Search code examples
scalalarge-filesends-with

Is there a more efficient way to check whether one line ends with another line in a large file


I have a file with 500,000 lines and I want to check for each line L whether any other line in the same file ends with L.

I have already sorted the file by the length of the lines and have written the following code but it is to slow:

def main(args: Array[String]): Unit = {
    val buffer = new BufferedReader(new FileReader("input.txt"))
    val fw = new FileWriter("output.txt")
    var line = buffer.readLine()
    var list = List.empty[String]
    while (line != null) {
      if (line.nonEmpty) {
        list += line
      }
      line = buffer.readLine()
    }
    buffer.close()
    list = list.sortBy(s => s.length)
    for (i <- list.indices) {
      val endsWith = list(i)
      for (j <- i + 1 until list.size) {
        val right = list(j)
        if (right.endsWith(endsWith)) {
          fw.write(list(j) + ";" + list(i) + "\n")
          fw.flush()
        }
      }
      println(i + 1)

    }
    fw.close()
  }

The input file contains such entries like:
abc/defg
defg
...

Is there a more efficient way to check the lines?


Solution

  • I have found a solution to the problem by using the length of each line L and extract this length from the other lines. Afterward, I hash L and the extracted strings and store them in a hash map. Finally, I check whether the map contains the query hash. As soon as two lines have the same length I need only to check the hash in the map, this saves me a lot of overhead. I also used the idea from talex to reverse each string before hashing.
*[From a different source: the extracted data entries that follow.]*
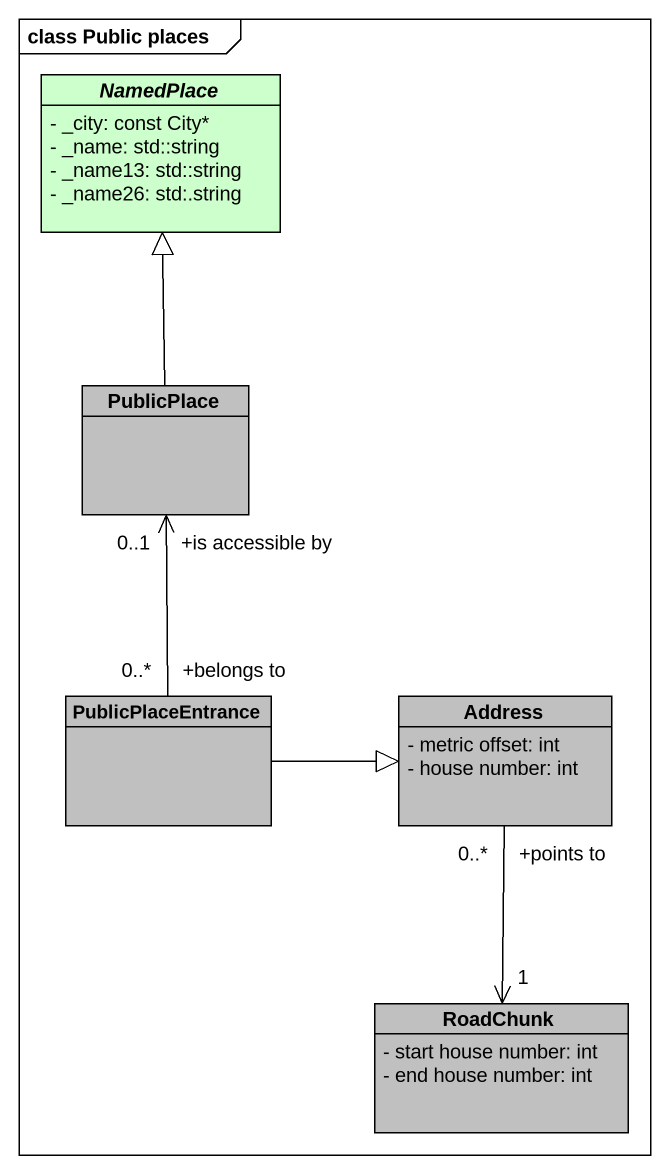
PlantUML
@startuml
mainframe class Public places
hide circle
hide empty members
skinparam classAttributeIconSize 0
abstract class NamedPlace #CCFFCC {
  - _city: const City*
  - _name: std::string
  - _name13: std::string
  - _name26: std:.string
}
class PublicPlace #C0C0C0
class PublicPlaceEntrance #C0C0C0
class Address #C0C0C0 {
  - metric offset: int
  - house number: int
}
class RoadChunk #C0C0C0 {
  - start house number: int
  - end house number: int
}
PublicPlace -up-|> NamedPlace
PublicPlaceEntrance "+belongs to\n0..*" -up-> "+is accessible by\n0..1" PublicPlace
PublicPlaceEntrance -right-|> Address
Address "+points to\n0..*" --> "1" RoadChunk
@enduml

    Here the code for the solution:

    def main(args: Array[String]): Unit = {
        val buffer = new BufferedReader(new FileReader("input.txt"))
        val fw = new FileWriter("output.txt")
        var line = buffer.readLine()
        var map = Map.empty[Int, List[String]]
        while (line != null) {
          if (line.nonEmpty) {
            val len = line.length
            map += len -> (map.getOrElse(len, List.empty[String]) ++ List(line.reverse))
          }
          line = buffer.readLine()
        }
        buffer.close()
        val list = map.keySet.toList.sorted
        for (i <- list.indices) {
          val len = list(i)
          var cutMap = Map.empty[Int, List[String]]
          for (j <- i + 1 until list.size) {
            for (right <- map(list(j))) {
              val took = right.take(len)
              cutMap += took.hashCode -> (cutMap.getOrElse(took.hashCode, List.empty[String]) ++ List(right))
            }
          }
          for (startsWith <- map(len)) {
            val hashCode = startsWith.hashCode
            if (cutMap.contains(hashCode)) {
              for (right <- cutMap(hashCode)) {
                fw.write(right.reverse + ";" + startsWith.reverse + "\n")
                fw.flush()
              }
            }
          }
          println(i + 1)
        }
        fw.close()
      }
    

    If the hashCode function is not precise enough it can be replace by a more precise one. For bigger files the algorithm could be separated to work with file splitting.